The ability of neurons to modulate gene expression in response to changing environmental conditions, both during development and throughout life, is necessary for proper brain function. Although the mechanisms responsible for transducing extracellular signals into changes in gene expression remain poorly characterized, S-nitrosylation, which is the covalent attachment of a nitric oxide (NO) moiety to cysteine thiols, has been shown to be critical. In the cerebral cortex, S-nitrosylation of histone deacetylase 2 (HDAC2) is essential for gene expression during neuronal development, however few nuclear targets have been identified to date. Progress in this field of research has been hampered by the technical difficulties associated with the detection of S-nitrosylated nuclear proteins. Here, I took a novel approach by enriching for nuclear proteins of rat cortical neurons before inducing S-nitrosylation with nitrosocysteine (CysNO) and isolating S-nitrosylated proteins using S-nitrosothiol Resin Assisted Capture (SNORAC).

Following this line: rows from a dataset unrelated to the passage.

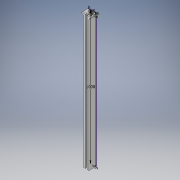
# Autodesk Inventor part: Fuehrungsschiene
Saved by Autodesk Inventor 2017 (Build 210142000, 142)
## iProperties
Part Number: Fuehrungsschiene
Material: Generisch
Document SubType Name: Modeling
Designer: Julian
Density: 1 g/cm^3
Appearance: Vorgabe
Author: Julian
Autodesk Inventor part; units mm, degrees
ref_plane "YZ Plane" through (0, 0, 0) normal (1, 0, 0) x (0, 1, 0)
ref_plane "XZ Plane" through (0, 0, 0) normal (0, 1, 0) x (-1, 0, 0)
ref_plane "XY Plane" through (0, 0, 0) normal (0, 0, 1) x (1, 0, 0)
sketch "Skizze1" plane through (0, 0, 0) normal (0, 1, 0) x (-1, 0, 0)
  line L0 (0, 0) -> (30, 0)
  line L1 (30, 0) -> (30, -1000)
  line L2 (30, -1000) -> (0, -1000)
  line L3 (0, -1000) -> (0, 0)
  line L4 (0, 0) -> (-20, 0)
  line L5 (-5, -20) -> (0, -20)
  arc A0 (0, -20) -> (-20, 0) centre (-20, -20) ccw
  line L6 (30, 0) -> (30, -20)
  line L7 (30, -20) -> (35, -20)
  arc A1 (50, 0) -> (30, -20) centre (50, -20) ccw
  line L8 (50, 0) -> (50, -5)
  arc A2 (50, -5) -> (35, -20) centre (50, -20) ccw
  line L9 (0, -20) -> (-5, -20)
  arc A3 (-5, -20) -> (-20, -5) centre (-20, -20) ccw
  line L10 (35, -20) -> (35, -1000)
  line L11 (35, -1000) -> (30, -1000)
  line L12 (0, -1000) -> (-5, -1000)
  line L13 (-5, -1000) -> (-5, -20)
  line L14 (30, 0) -> (50, 0)
  line L15 (-20, -5) -> (-20, 0)
  line L16 (-20, 0) -> (0, 0)
  line L17 (0, 0) -> (0, -20)
  line L18 (0, -20) -> (-5, -20)
  line L19 (-20, -5) -> (-20, 0)
  arc A4 (0, -20) -> (-20, 0) centre (-20, -20) ccw
  line L20 (0, -20) -> (0, 0)
  line L21 (0, 0) -> (-20, 0)
  dimension "d0" = 30
  dimension "d1" = 1000
  dimension "d2" = 20
  dimension "d5" = 20
  dimension "d10" = 5
  dimension "d11" = 5
  dimension "d12" = 5
  constraints: 44 end point, 10 point on circle, 9 perpendicular, 5 centre point, 5 collinear, 5 point on line, 3 coincident, 3 horizontal, 2 tangent, 2 vertical
  measures "d0" distance of L0.start L0.end
  measures "d1" distance of L0.end L1.end
  measures "d2" distance of L0.start L4.end
  measures "d5" distance of L0.end L6.end
  measures "d10" distance of L8.start L8.end
  measures "d11" distance of L5.start L9.start
  measures "d12" distance of L2.end L12.end
extrude "Extrusion1" add sketch "Skizze1" along normal blind 5
extrude "Extrusion2" add sketch "Skizze1" against normal blind 50 contours L3 L12 L13 L5 | L5 A3 L15 A0 | L7 L10 L11 L1 | A1 L8 A2 L7
extrude "Extrusion3" add sketch "Skizze1" against normal blind 50 contours L0 L1 L2 L3 | L3 A0 L4 | L14 A1 L1
extrude "Extrusion4" cut sketch "Skizze1" against normal blind 40 contours L0 L1 L2 L3 | L3 A0 L4 | L14 A1 L1
sketch "Skizze2" plane through (0, 0, 0) normal (0, -1, 0) x (1, 0, 0)
  arc A0 (-35, -20) -> (-50, -5) centre (-50, -20) ccw projected
  line L0 (5, -20) -> (5, -1000) projected
  line L1 (-50, -5) -> (5, -20)
  line L2 (5, -36.012) -> (-15, -36.012)
  line L3 (-35, -20) -> (-35, -1000) projected
  line L4 (-15, -36.012) -> (-22.5, -36.012)
  line L5 (-22.5, -36.012) -> (-7.5, -36.012)
  line L6 (-7.5, -36.012) -> (-7.5, 0)
  line L7 (-50, 0) -> (20, 0) projected
  line L8 (-7.5, 0) -> (-22.5, 0)
  line L9 (-22.5, 0) -> (-22.5, -1000)
  line L10 (-30, -1000) -> (0, -1000) projected
  line L11 (-22.5, -1000) -> (-7.5, -1000)
  line L12 (-7.5, -1000) -> (-7.5, 0)
  point P0 (0, 0)
  dimension "d21" = 20
  dimension "d22" = 15
  dimension "d23" = 15
  dimension "d24" = 15
  constraints: 18 end point, 7 point on line, 3 perpendicular
  measures "d21" distance of L2.start L2.end
  measures "d22" distance of L4.end L5.end
  measures "d23" distance of L6.end L8.end
  measures "d24" distance of L9.end L11.end
extrude "Extrusion5" cut sketch "Skizze2" along normal blind 50 contours L9 L7 L6 L1 | L1 L6 L2 L4 L9 | L4 L2 L12 L10 L9
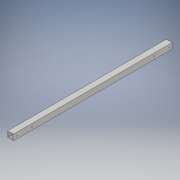
# Autodesk Inventor part: 1x1 27 362in
Saved by Autodesk Inventor 2018 (Build 220112000, 112)
## iProperties
Created: 2019-01-19
Part Number: 1x1 27 362in
Material: Generic
Document SubType Name: Modeling
Designer: maste
Density: 1 g/cm^3
Appearance: Default
Author: maste
Autodesk Inventor part; units mm, degrees
ref_plane "YZ Plane" through (0, 0, 0) normal (1, 0, 0) x (0, 1, 0)
ref_plane "XZ Plane" through (0, 0, 0) normal (0, 1, 0) x (-1, 0, 0)
ref_plane "XY Plane" through (0, 0, 0) normal (0, 0, 1) x (1, 0, 0)
sketch "Sketch1" plane through (0, 0, 0) normal (0, 0, 1) x (1, 0, 0)
  line L0 (0, 0) -> (25.4, 0)
  line L1 (25.4, 0) -> (25.4, 25.4)
  line L2 (25.4, 25.4) -> (0, 25.4)
  line L3 (0, 25.4) -> (0, 0)
  line L4 (3.175, 3.175) -> (22.225, 3.175)
  line L5 (22.225, 3.175) -> (22.225, 22.225)
  line L6 (22.225, 22.225) -> (3.175, 22.225)
  line L7 (3.175, 22.225) -> (3.175, 3.175)
  dimension "d0" = 25.4
  dimension "d1" = 25.4
  dimension "d2" = 3.175
  constraints: 16 end point, 4 parallel, 2 perpendicular, 1 horizontal, 3 other
  measures "d0" distance of L2.end L1.end
  measures "d1" distance of L1.end L0.end
  measures "d2" distance between parallel lines of L3 L7
extrude "Extrusion1" add sketch "Sketch1" along normal blind 694.9948
sketch "Sketch2" plane through (25.4, 0, 0) normal (1, 0, 0) x (0, 0, -1)
  line L0 (0, 3.175) -> (0, 22.225) construction
  line L1 (0, 12.7) -> (-12.7, 12.7) construction
  line L2 (-694.9948, 22.225) -> (-694.9948, 3.175) construction
  line L3 (-694.9948, 12.7) -> (-682.2948, 12.7) construction
  circle A0 centre (-682.2948, 12.7) radius 2.5019
  circle A1 centre (-12.7, 12.7) radius 2.5019
  line L4 (-682.2948, 12.7) -> (-615.442, 12.7) construction
  line L5 (-12.7, 12.7) -> (-79.5528, 12.7) construction
  circle A2 centre (-79.5528, 12.7) radius 2.5019
  circle A3 centre (-615.442, 12.7) radius 2.5019
  point P0 (0, 0)
  dimension "d5" = 12.7
  dimension "d7" = 12.7
  dimension "d8" = 5.0038
  dimension "d11" = 66.8528
  dimension "d12" = 66.8528
  constraints: 8 end point, 4 centre point, 4 coincident, 4 horizontal, 2 midpoint
  measures "d5" distance of L1.start L1.end
  measures "d7" distance of L3.start L3.end
  measures "d8" diameter of A0
  measures "d11" distance of L4.start L4.end
  measures "d12" distance of L5.start L5.end
extrude "Extrusion3" cut sketch "Sketch2" against normal blind 694.9948
body "Solid1"

Mass spectrometry analysis identified 614 S-nitrosylated nuclear proteins, including potential site(s) of S-nitrosylation for 67% of targets. 612 of these proteins are novel potential targets of S-nitrosylation in cortical neurons and 131 have not been shown to be S-nitrosylated in any system. Two hits, the transcription factor CREB and the histone binding protein RBBP7, were further studied and I confirmed endogenous S-nitrosylation in depolarized cortical neurons for both. In addition, I showed that CREB is S-nitrosylated at cysteines 300/310/337 located within the DNA binding domain, whereas RBBP7 is S-nitrosylated at cysteine 166, which is in a WD-repeat region that regulates protein-protein interactions. Overall, this work comprehensively identifies, for the first time, the nuclear proteins that undergo S-nitrosylation in neurons and highlights S-nitrosylation of CREB and RBBP7 as a candidate mechanism by which NO regulates gene expression in mammalian cells.